【週刊つまがり動画配信#244】市川市・松戸市の政令指定都市構想

2期目に入った市川市の田中甲市長が、将来的に松戸市と合併し、人口100万人規模の政令指定都市を目指す考えを示したことが注目されています。まずは市川市単独で中核市への移行を目指し、その先に松戸市との合併による政令指定都市化を視野に入れる構想です。
 
これに対し、松戸市の松戸たかまさ市長は、市民の歴史やアイデンティティーに配慮し慎重姿勢を示しつつも、将来的な可能性そのものを否定してはいません。まずは広域連携を積み重ね、丁寧な議論と合意形成が必要との立場です。また、熊谷俊人知事は「市町村の自主的判断を尊重する」と中立的な姿勢ですが、市町村がまとまればバックアップする方向ではないかと思われます。と今後は両市民の理解と議論が重要になるでしょう。

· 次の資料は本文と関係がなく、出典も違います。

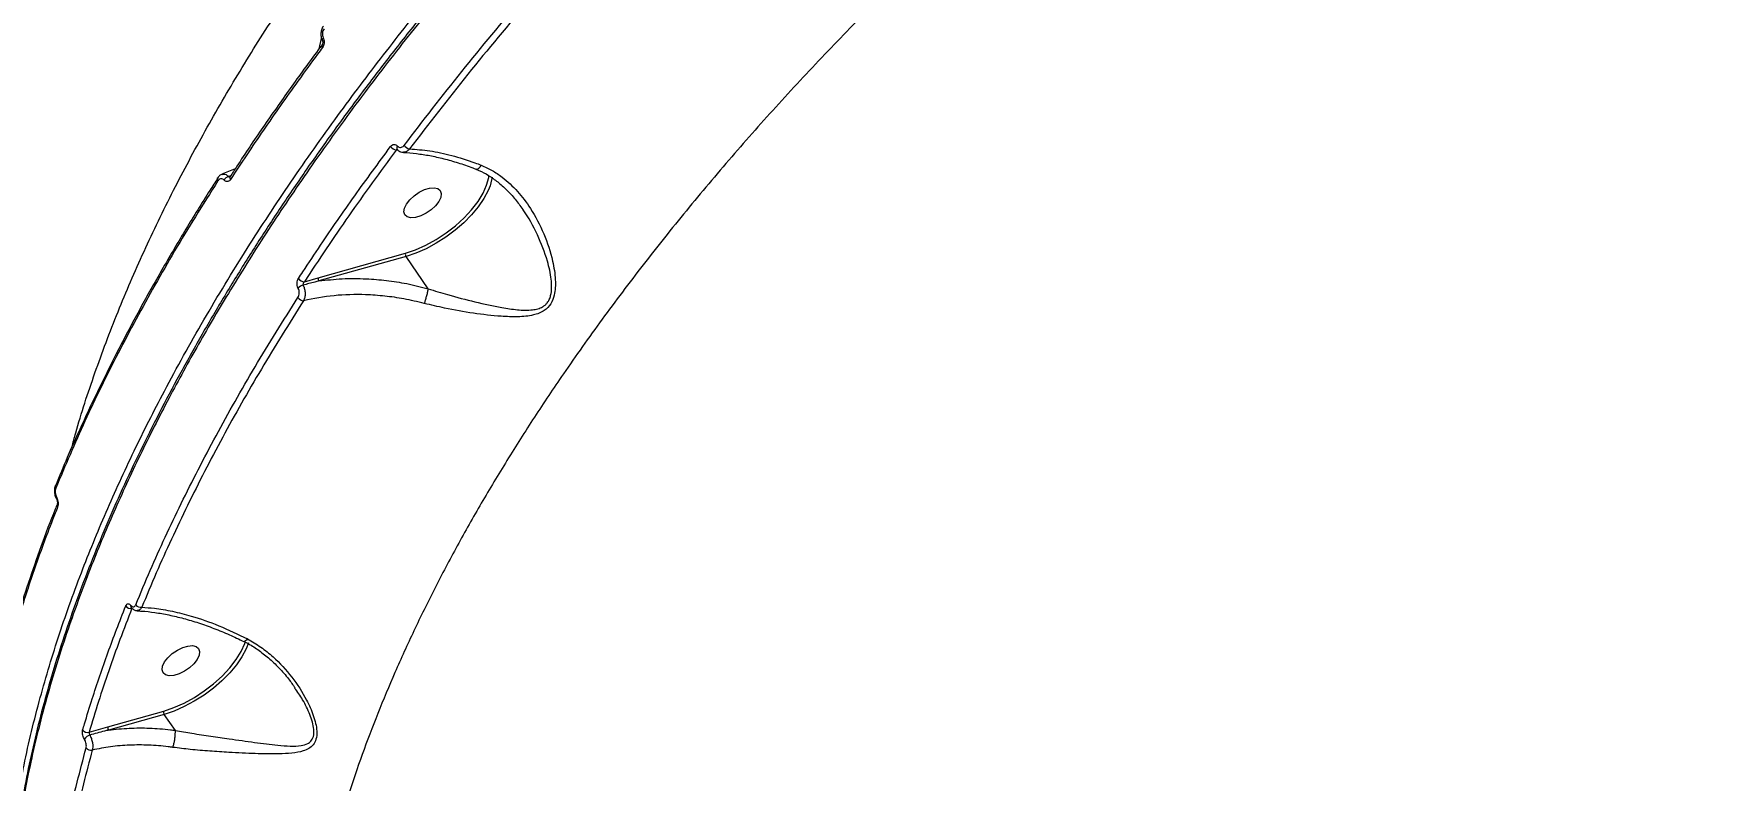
# Model space of a CAD drawing. Header units: millimetres. Extents: x -8607 to 7621, y -5747 to 4382.
# Drawn here: x 4200.6 to 4551.7, y -630.4 to -474.3 of the extents above; entities that cross this region are included whole.
import ezdxf

# ---------------------------------------------------------------- set-up
doc = ezdxf.new("R2010")
doc.units = ezdxf.units.MM
doc.layers.add('DIKOM_ОБЪЕКТ', color=7, linetype='Continuous')
doc.layers.add('DIKOM_РАЗМЕР_ОБЪЕКТА', color=7, linetype='Continuous')
doc.styles.add('style1', font='arial.ttf', dxfattribs={"width": 0.8})
doc.dimstyles.new('1-50', dxfattribs={"dimtxt": 300, "dimasz": 200, "dimexe": 100, "dimexo": 0, "dimgap": 100, "dimtad": 1, "dimtxsty": 'style1', "dimcen": 200, "dimclrd": 7, "dimclre": 7, "dimclrt": 7, "dimadec": 1, "dimazin": 2, "dimtfac": 1, "dimtmove": 0, "dimatfit": 2, "dimfxl": 0, "dimlwd": 25, "dimlwe": 18, "dimarcsym": 0})

# ---------------------------------------------------------------- blocks, each defined once
blk = doc.blocks.new('*D11')
at = {"layer": 'Defpoints', "color": 0, "transparency": 16777216}
for p in [(7619.37, -165.15), (-6826.53, -739.39), (7619.37, -5647.14)]:
    blk.add_point(p, dxfattribs=at)
at = {"layer": 'DIKOM_РАЗМЕР_ОБЪЕКТА', "color": 7, "lineweight": 18, "transparency": 16777216}
for p, q in [((7619.37, -165.15), (7619.37, -5747.14)), ((-6826.53, -739.39), (-6826.53, -5747.14))]:
    blk.add_line(p, q, dxfattribs=at)
at = {"layer": 'DIKOM_РАЗМЕР_ОБЪЕКТА', "color": 7, "lineweight": 25, "transparency": 16777216}
blk.add_line((-6626.53, -5647.14), (7419.37, -5647.14), dxfattribs=at)
at = {"layer": 'DIKOM_РАЗМЕР_ОБЪЕКТА', "color": 7, "transparency": 16777216}
for points in [[(-6626.53, -5613.8), (-6626.53, -5680.47), (-6826.53, -5647.14)], [(7419.37, -5613.8), (7419.37, -5680.47), (7619.37, -5647.14)]]:
    blk.add_solid(points, dxfattribs=at)
at = {"layer": 'DIKOM_РАЗМЕР_ОБЪЕКТА', "color": 7, "transparency": 16777216, "insert": (396.42, -5393.96), "char_height": 300, "attachment_point": 5, "style": 'style1'}
blk.add_mtext('14400', dxfattribs=at)
blk = doc.blocks.new('*D13')
at = {"layer": 'Defpoints', "color": 0, "transparency": 16777216}
for p in [(-5326.53, -191.39), (6073.47, -191.39), (6073.47, -4959.53)]:
    blk.add_point(p, dxfattribs=at)
at = {"layer": 'DIKOM_РАЗМЕР_ОБЪЕКТА', "color": 7, "lineweight": 18, "transparency": 16777216}
for p, q in [((-5326.53, -191.39), (-5326.53, -5059.53)), ((6073.47, -191.39), (6073.47, -5059.53))]:
    blk.add_line(p, q, dxfattribs=at)
at = {"layer": 'DIKOM_РАЗМЕР_ОБЪЕКТА', "color": 7, "lineweight": 25, "transparency": 16777216}
blk.add_line((-5126.53, -4959.53), (5873.47, -4959.53), dxfattribs=at)
at = {"layer": 'DIKOM_РАЗМЕР_ОБЪЕКТА', "color": 7, "transparency": 16777216}
for points in [[(-5126.53, -4926.2), (-5126.53, -4992.86), (-5326.53, -4959.53)], [(5873.47, -4926.2), (5873.47, -4992.86), (6073.47, -4959.53)]]:
    blk.add_solid(points, dxfattribs=at)
at = {"layer": 'DIKOM_РАЗМЕР_ОБЪЕКТА', "color": 7, "transparency": 16777216, "insert": (373.47, -4706.36), "char_height": 300, "attachment_point": 5, "style": 'style1'}
blk.add_mtext('11400', dxfattribs=at)

msp = doc.modelspace()

# ---------------------------------------------------------------- linework, layer by layer
at = {"layer": 'DIKOM_ОБЪЕКТ', "color": 7, "linetype": 'Continuous', "lineweight": 15}
for p, q in [((4260.356, -477.453), (4260.866, -475.325)), ((4276.862, -498.638), (4276.489, -498.641)), ((4242.781, -502.56), (4240.019, -503.665)), ((4295.844, -504.355), (4295.897, -503.98)), ((4260.183, -525.323), (4278.407, -520.196)), ((4278.537, -520.882), (4260.313, -526.01)), ((4283.173, -527.624), (4278.537, -520.882)), ((4257.261, -526.16), (4260.183, -525.323)), ((4216.121, -619.229), (4227.819, -615.938)), ((4227.949, -616.624), (4216.251, -619.916)), ((4230.262, -619.987), (4227.949, -616.624)), ((4212.201, -620.353), (4216.121, -619.229))]:
    msp.add_line(p, q, dxfattribs=at)
at = {"layer": 'DIKOM_ОБЪЕКТ', "color": 7, "linetype": 'Continuous', "lineweight": 15, "flags": 128}
for points in [[(4261.222, -475.246), (4261.118, -475.365), (4261.046, -475.48), (4261.01, -475.587), (4261.011, -475.681), (4261.024, -475.721)], [(4276.679, -498.485), (4276.662, -498.466), (4276.658, -498.46)], [(4239.062, -504.522), (4239.071, -504.509), (4239.094, -504.48)], [(4278.407, -520.196), (4280.538, -519.472), (4282.704, -518.512), (4284.853, -517.338), (4286.933, -515.979), (4288.894, -514.467), (4290.688, -512.839), (4292.273, -511.135), (4293.609, -509.396), (4294.665, -507.663), (4295.414, -505.978), (4295.84, -504.383), (4295.844, -504.355)], [(4296.555, -504.333), (4296.305, -505.514), (4296.123, -506.093)], [(4278.799, -512.637), (4278.29, -512.218), (4278.082, -511.592), (4278.191, -510.81), (4278.609, -509.936), (4279.301, -509.04), (4280.212, -508.196), (4281.268, -507.47), (4282.382, -506.923), (4283.466, -506.598), (4284.431, -506.522), (4285.199, -506.701), (4285.708, -507.121), (4285.916, -507.747), (4285.807, -508.528), (4285.389, -509.403), (4284.697, -510.298), (4283.786, -511.143), (4282.73, -511.868), (4281.615, -512.416), (4280.532, -512.74), (4279.567, -512.816), (4278.799, -512.637)], [(4296.123, -506.093), (4295.712, -507.126), (4294.827, -508.801), (4293.669, -510.502), (4292.264, -512.193), (4290.641, -513.837), (4288.836, -515.399), (4286.887, -516.843), (4284.839, -518.14), (4282.734, -519.261), (4280.618, -520.182), (4278.537, -520.882)], [(4228.211, -608.379), (4227.702, -607.96), (4227.494, -607.334), (4227.603, -606.552), (4228.021, -605.678), (4228.713, -604.782), (4229.624, -603.937), (4230.679, -603.212), (4231.794, -602.665), (4232.878, -602.34), (4233.843, -602.264), (4234.611, -602.443), (4235.12, -602.863), (4235.328, -603.489), (4235.219, -604.27), (4234.801, -605.144), (4234.109, -606.04), (4233.198, -606.885), (4232.142, -607.61), (4231.027, -608.157), (4229.943, -608.482), (4228.978, -608.558), (4228.211, -608.379)], [(4227.819, -615.938), (4229.942, -615.217), (4232.1, -614.262), (4234.241, -613.094), (4236.315, -611.742), (4238.271, -610.238), (4240.062, -608.618), (4241.646, -606.922), (4242.985, -605.189), (4244.046, -603.462), (4244.804, -601.781), (4244.926, -601.429)], [(4245.599, -601.645), (4245.097, -602.927), (4244.206, -604.598), (4243.044, -606.293), (4241.637, -607.977), (4240.015, -609.614), (4238.213, -611.168), (4236.27, -612.605), (4234.228, -613.895), (4232.13, -615.011), (4230.022, -615.927), (4227.949, -616.624)]]:
    msp.add_lwpolyline(points, dxfattribs=at)
at = {"layer": 'DIKOM_ОБЪЕКТ', "color": 7, "linetype": 'Continuous', "lineweight": 15}
for centre, radius, start, end in [((4261.424, -476.848), 0.505, 154.3103, 225.06061), ((4276.726, -496.931), 1.726, 214.47412, 262.08497), ((4277.245, -498.171), 0.654, 143.60467, 206.24999), ((4279.605, -496.643), 1.78, 214.80442, 259.54254), ((4239.55, -504.743), 0.536, 155.66935, 222.39661), ((4241.887, -505.669), 1.599, 109.22077, 153.23274), ((4242.174, -504.431), 0.523, 153.08566, 223.20406), ((4279.246, -520.392), 0.862, 166.84865, 214.68098), ((4257.313, -524.594), 1.567, 215.04884, 268.0949), ((4261.022, -525.519), 0.862, 166.84928, 214.68087), ((4257.202, -528.558), 1.582, 215.41922, 266.3992), ((4257.533, -528.991), 2.16, 104.38439, 136.45074), ((4205.684, -568.995), 0.585, 153.61074, 218.73965), ((4205.647, -571.469), 0.285, 140.85347, 201.09193), ((4206.097, -572.878), 0.596, 159.57013, 218.51009), ((4220.925, -593.167), 1.318, 216.8437, 281.41819), ((4221.388, -593.993), 0.485, 161.08228, 216.74489), ((4223.04, -592.916), 1.332, 216.97907, 278.8595), ((4228.658, -616.134), 0.862, 166.84865, 214.68098), ((4211.856, -619.151), 1.251, 217.57483, 286.0428), ((4212.922, -622.948), 2.063, 105.73331, 145.56549), ((4216.96, -619.425), 0.862, 166.84928, 214.68087), ((4212.572, -622.89), 1.25, 217.75975, 284.20382)]:
    msp.add_arc(centre, radius, start, end, dxfattribs=at)
for points, knots in [([(4197.059, -691.991), (4196.647, -689.943), (4195.516, -684.319), (4194.665, -674.927), (4194.35, -663.929), (4194.81, -653.019), (4196.051, -641.115), (4198.244, -628.168), (4201.51, -614.381), (4205.615, -600.653), (4210.322, -587.429), (4215.655, -574.39), (4221.46, -561.716), (4228.235, -548.311), (4236.081, -534.179), (4244.953, -519.59), (4254.343, -505.334), (4263.88, -491.839), (4273.735, -478.748), (4283.721, -466.218), (4295.019, -452.779), (4307.751, -438.475), (4321.795, -423.635), (4336.083, -409.373), (4350.117, -396.089), (4364.201, -383.408), (4378.114, -371.458), (4393.263, -359.032), (4409.698, -346.213), (4427.154, -333.331), (4444.492, -321.208), (4461.159, -310.153), (4477.558, -299.821), (4493.468, -290.3), (4509.545, -281.13), (4520.3, -275.403), (4525.782, -272.483)], [0, 0, 0, 0, 0.017623, 0.0483939, 0.0765715, 0.1047491, 0.1320419, 0.1653743, 0.1987068, 0.2294777, 0.2602486, 0.2884262, 0.3166037, 0.3438965, 0.3760213, 0.4081462, 0.4377811, 0.4674161, 0.4945323, 0.5216485, 0.5479019, 0.5812345, 0.614567, 0.645338, 0.6761089, 0.7042866, 0.7324642, 0.759757, 0.7930896, 0.8264221, 0.8571931, 0.887964, 0.9161417, 0.9443193, 0.9716122, 1, 1, 1, 1]), ([(4526.385, -273.575), (4524.995, -274.298), (4520.242, -276.772), (4512.154, -281.173), (4502.146, -286.759), (4492.214, -292.496), (4482.377, -298.36), (4472.633, -304.355), (4462.978, -310.48), (4453.41, -316.739), (4443.924, -323.133), (4434.518, -329.663), (4425.191, -336.332), (4415.938, -343.142), (4406.757, -350.095), (4397.657, -357.185), (4388.667, -364.388), (4379.825, -371.677), (4371.156, -379.03), (4362.663, -386.445), (4354.342, -393.923), (4346.19, -401.468), (4338.203, -409.082), (4330.38, -416.766), (4322.718, -424.523), (4315.216, -432.356), (4307.871, -440.266), (4300.685, -448.252), (4293.677, -456.295), (4286.875, -464.361), (4280.306, -472.421), (4273.976, -480.467), (4267.882, -488.501), (4262.019, -496.527), (4256.387, -504.548), (4250.982, -512.566), (4245.805, -520.583), (4240.853, -528.601), (4236.126, -536.623), (4231.622, -544.651), (4227.351, -552.669), (4223.329, -560.647), (4219.575, -568.553), (4216.093, -576.372), (4212.884, -584.107), (4209.944, -591.759), (4207.272, -599.333), (4204.868, -606.831), (4202.73, -614.254), (4200.859, -621.605), (4199.253, -628.884), (4197.914, -636.096), (4196.843, -643.23), (4196.043, -650.263), (4195.52, -657.166), (4195.275, -663.922), (4195.309, -670.527), (4195.615, -676.987), (4196.212, -683.296), (4196.9, -688.497), (4197.496, -691.539), (4197.7, -692.579)], [0, 0, 0, 0, 0.00720193, 0.0246296, 0.04206244, 0.05941036, 0.07667818, 0.0938856, 0.11105227, 0.12819782, 0.14534186, 0.16250015, 0.17968956, 0.19692966, 0.21423999, 0.2316401, 0.24907919, 0.26645603, 0.28374671, 0.30097122, 0.31814923, 0.33530038, 0.35244428, 0.3695986, 0.38677832, 0.404003, 0.42129217, 0.43866536, 0.45610916, 0.47352561, 0.49084437, 0.50809124, 0.52528589, 0.54244795, 0.55959704, 0.5767527, 0.593928, 0.61114246, 0.62841557, 0.64576683, 0.66320601, 0.68064339, 0.69799517, 0.71526897, 0.73248435, 0.74966083, 0.76681784, 0.78397478, 0.80114675, 0.81835081, 0.8356062, 0.85293209, 0.8703474, 0.88778352, 0.90515746, 0.92244392, 0.93966196, 0.95683062, 0.97396892, 0.99109593, 1, 1, 1, 1]), ([(4526.763, -273.909), (4522.795, -276.013), (4513.781, -280.794), (4499.789, -288.644), (4484.472, -297.643), (4468.934, -307.24), (4452.889, -317.653), (4437.3, -328.288), (4422.793, -338.672), (4409.654, -348.481), (4396.772, -358.48), (4383.609, -369.131), (4370.15, -380.512), (4356.651, -392.449), (4343.483, -404.657), (4330.746, -417.043), (4319.128, -428.888), (4308.305, -440.442), (4297.948, -452.005), (4287.716, -463.994), (4277.616, -476.467), (4267.748, -489.35), (4258.405, -502.317), (4249.659, -515.272), (4241.957, -527.477), (4235.042, -539.217), (4228.715, -550.748), (4222.774, -562.48), (4217.268, -574.401), (4212.348, -586.225), (4207.654, -598.941), (4203.403, -612.463), (4200.311, -624.798), (4198.288, -635.055), (4196.874, -644.15), (4195.848, -653.867), (4195.354, -664.361), (4195.56, -674.781), (4196.351, -684.382), (4197.413, -690.249), (4197.88, -692.825)], [0, 0, 0, 0, 0.0205741, 0.0467421, 0.0729555, 0.1009881, 0.1290766, 0.1589753, 0.1857598, 0.2092655, 0.2328041, 0.2593887, 0.2860208, 0.3131504, 0.342115, 0.3691763, 0.3962879, 0.4206427, 0.4450341, 0.4716187, 0.4982509, 0.5253804, 0.554345, 0.5814063, 0.6085179, 0.6328728, 0.6572642, 0.6834347, 0.7096507, 0.7360166, 0.762429, 0.7957383, 0.8291415, 0.8493068, 0.8694928, 0.8956633, 0.9218793, 0.9499171, 0.9780108, 1, 1, 1, 1]), ([(4208.603, -560.798), (4208.872, -559.791), (4210.236, -554.682), (4213.335, -545.255), (4218.081, -532.603), (4223.591, -519.857), (4229.691, -507.244), (4236.409, -494.657), (4243.653, -482.209), (4251.705, -469.412), (4260.599, -456.286), (4270.323, -442.926), (4280.602, -429.705), (4291.241, -416.832), (4302.303, -404.192), (4313.667, -391.886), (4325.783, -379.428), (4338.663, -366.852), (4352.251, -354.267), (4366.163, -342.026), (4380.153, -330.312), (4394.327, -319.011), (4408.544, -308.202), (4422.692, -297.955), (4436.704, -288.237), (4446.014, -282.145), (4450.674, -279.096)], [0, 0, 0, 0, 0.01102157, 0.0558985, 0.10088787, 0.14453473, 0.18828489, 0.23033426, 0.27247585, 0.31391012, 0.35886041, 0.40392318, 0.44764093, 0.49146195, 0.533579, 0.57578819, 0.61728859, 0.66235056, 0.70752511, 0.75135088, 0.79527995, 0.83750034, 0.87981285, 0.92141444, 0.96067034, 1, 1, 1, 1]), ([(4508.863, -363.721), (4503.519, -367.083), (4492.817, -373.816), (4477.031, -384.46), (4461.462, -395.494), (4446.147, -406.952), (4431.14, -418.788), (4416.467, -430.993), (4402.194, -443.52), (4389.186, -455.575), (4377.401, -467.064), (4366.759, -477.936), (4356.49, -488.943), (4346.604, -500.08), (4337.13, -511.319), (4328.082, -522.649), (4319.492, -534.038), (4311.944, -544.665), (4305.349, -554.501), (4299.622, -563.515), (4294.237, -572.488), (4289.192, -581.421), (4284.487, -590.319), (4280.143, -599.139), (4276.17, -607.859), (4272.56, -616.483), (4269.306, -625.031), (4266.413, -633.5), (4263.887, -641.871), (4261.737, -650.119), (4259.967, -658.228), (4258.575, -666.197), (4257.561, -674.032), (4256.931, -681.695), (4256.682, -689.168), (4256.811, -696.455), (4257.318, -703.573), (4258.299, -711.241), (4259.903, -719.369), (4262.303, -727.854), (4265.353, -735.98), (4269.068, -743.704), (4273.159, -750.718), (4276.313, -754.938), (4277.773, -756.89)], [0, 0, 0, 0, 0.0295447, 0.0591611, 0.0889458, 0.118804, 0.1488734, 0.1790187, 0.2093382, 0.2397356, 0.2647639, 0.2898361, 0.3150105, 0.3402296, 0.3655765, 0.390969, 0.4164664, 0.4420103, 0.4622415, 0.4824959, 0.5026481, 0.5228003, 0.5430452, 0.5632902, 0.5833266, 0.6033629, 0.6234906, 0.6436183, 0.6638013, 0.6840075, 0.7041116, 0.7242158, 0.7444124, 0.764609, 0.7845973, 0.8045856, 0.8246649, 0.8447442, 0.8711527, 0.8976136, 0.9241271, 0.9506936, 0.977189, 1, 1, 1, 1]), ([(4278.144, -497.658), (4282.103, -492.511), (4290.033, -482.203), (4302.971, -466.778), (4316.611, -451.382), (4326.343, -441.232), (4331.215, -436.149)], [0, 0, 0, 0, 0.2482522, 0.497193, 0.7482405, 1, 1, 1, 1]), ([(4332.232, -437.022), (4327.437, -442.022), (4317.835, -452.036), (4304.275, -467.323), (4291.292, -482.784), (4283.289, -493.185), (4279.282, -498.393)], [0, 0, 0, 0, 0.2482527, 0.4971938, 0.7482409, 1, 1, 1, 1]), ([(4261.285, -472.715), (4261.257, -472.748), (4261.052, -472.98), (4260.817, -473.563), (4260.691, -474.43), (4260.774, -475.199), (4260.984, -475.58), (4261.053, -475.705)], [0, 0, 0, 0, 0.0427857, 0.3046429, 0.5781377, 0.8606953, 1, 1, 1, 1]), ([(4261.38, -473.278), (4261.298, -473.409), (4261.136, -473.67), (4261.024, -474.172), (4261.03, -474.685), (4261.125, -475.044), (4261.207, -475.214), (4261.222, -475.246)], [0, 0, 0, 0, 0.2363546, 0.4725827, 0.7091512, 0.9458514, 1, 1, 1, 1]), ([(4260.975, -476.634), (4260.704, -476.992), (4258.39, -480.046), (4254.235, -485.809), (4248.554, -493.911), (4244.39, -500.048), (4242.19, -503.474), (4241.721, -504.204)], [0, 0, 0, 0, 0.0390182, 0.332473, 0.6265566, 0.9203939, 1, 1, 1, 1]), ([(4261.067, -477.206), (4260.72, -477.672), (4258.981, -480.006), (4254.767, -485.77), (4248.593, -494.505), (4244.061, -501.36), (4241.793, -504.789)], [0, 0, 0, 0, 0.0507678, 0.2538476, 0.6266954, 1, 1, 1, 1]), ([(4261.026, -475.73), (4261.035, -475.746), (4261.061, -475.794), (4261.099, -475.934), (4261.115, -476.12), (4261.097, -476.315), (4261.05, -476.485), (4260.995, -476.595), (4260.973, -476.621), (4260.967, -476.628)], [0, 0, 0, 0, 0.0878258, 0.2568493, 0.4224198, 0.5912196, 0.7649628, 0.9324839, 1, 1, 1, 1]), ([(4261.222, -475.246), (4261.237, -475.277), (4261.318, -475.447), (4261.412, -475.803), (4261.419, -476.314), (4261.309, -476.815), (4261.148, -477.075), (4261.067, -477.206)], [0, 0, 0, 0, 0.0535395, 0.2897948, 0.5263616, 0.7631292, 1, 1, 1, 1]), ([(4256.03, -525.494), (4256.334, -525.028), (4257.855, -522.697), (4261.692, -516.938), (4267.723, -508.205), (4272.775, -501.342), (4275.303, -497.908)], [0, 0, 0, 0, 0.0507678, 0.2538476, 0.6266954, 1, 1, 1, 1]), ([(4275.303, -497.908), (4275.324, -497.882), (4275.435, -497.74), (4275.677, -497.548), (4276.04, -497.45), (4276.41, -497.516), (4276.616, -497.694), (4276.718, -497.783)], [0, 0, 0, 0, 0.0545852, 0.2913569, 0.527817, 0.7639702, 1, 1, 1, 1]), ([(4276.7, -498.512), (4276.675, -498.516), (4276.607, -498.529), (4276.537, -498.586), (4276.496, -498.632), (4276.489, -498.641)], [0, 0, 0, 0, 0.3156597, 0.8718194, 1, 1, 1, 1]), ([(4276.67, -498.477), (4276.672, -498.477), (4276.676, -498.478), (4276.702, -498.515), (4276.71, -498.526)], [0, 0, 0, 0, 0.6940229, 1, 1, 1, 1]), ([(4276.688, -498.477), (4276.716, -498.512), (4276.9, -498.743), (4277.344, -499.016), (4277.788, -499.071), (4277.991, -499.095)], [0, 0, 0, 0, 0.0912208, 0.5852002, 1, 1, 1, 1]), ([(4276.718, -497.783), (4276.822, -497.872), (4277.029, -498.051), (4277.401, -498.117), (4277.767, -498.019), (4278.012, -497.826), (4278.124, -497.684), (4278.144, -497.658)], [0, 0, 0, 0, 0.236408, 0.4729314, 0.7098822, 0.9468304, 1, 1, 1, 1]), ([(4279.282, -498.393), (4279.249, -498.436), (4279.069, -498.672), (4278.679, -498.974), (4278.259, -499.152), (4278.045, -499.103), (4278.024, -499.098)], [0, 0, 0, 0, 0.096296, 0.5252957, 0.9542837, 1, 1, 1, 1]), ([(4279.282, -498.393), (4280.675, -498.498), (4283.488, -498.711), (4288.104, -499.715), (4291.751, -500.844), (4293.836, -501.639), (4294.276, -501.807)], [0, 0, 0, 0, 0.2991599, 0.6039868, 0.9163485, 1, 1, 1, 1]), ([(4276.489, -498.641), (4273.122, -503.225), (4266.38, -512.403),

一方で、この動きは周辺自治体にも影響します。特に船橋市などは、巨大都市の誕生によって地域内での存在感や競争環境が変わる可能性があります。

そもそも政令指定都市への移行は、2012年の熊本市以降、大きなブームは落ち着いています。そのため、今回の構想でも「何のための政令市、合併か」が問われます。

メリットとしては、職員採用や人事面での魅力向上、行政の効率化、区役所設置による身近な行政サービス、そして都市ブランド力の向上が挙げられます。したがって一般的には経済界から後押しされる傾向にあります。
 
一方、デメリットとしては、県から移管される業務に対し財源が十分でない場合が多く、財政負担が増える点です。さらに、政治・行政組織の大改革も伴います。したがって政治・行政の世界から慎重論が出るでしょう。
市川・松戸の動きは周辺自治体にも無関係ではなく、船橋市や周辺自治体でも将来を見据えた多様なシナリオをつくっておくことが求められます。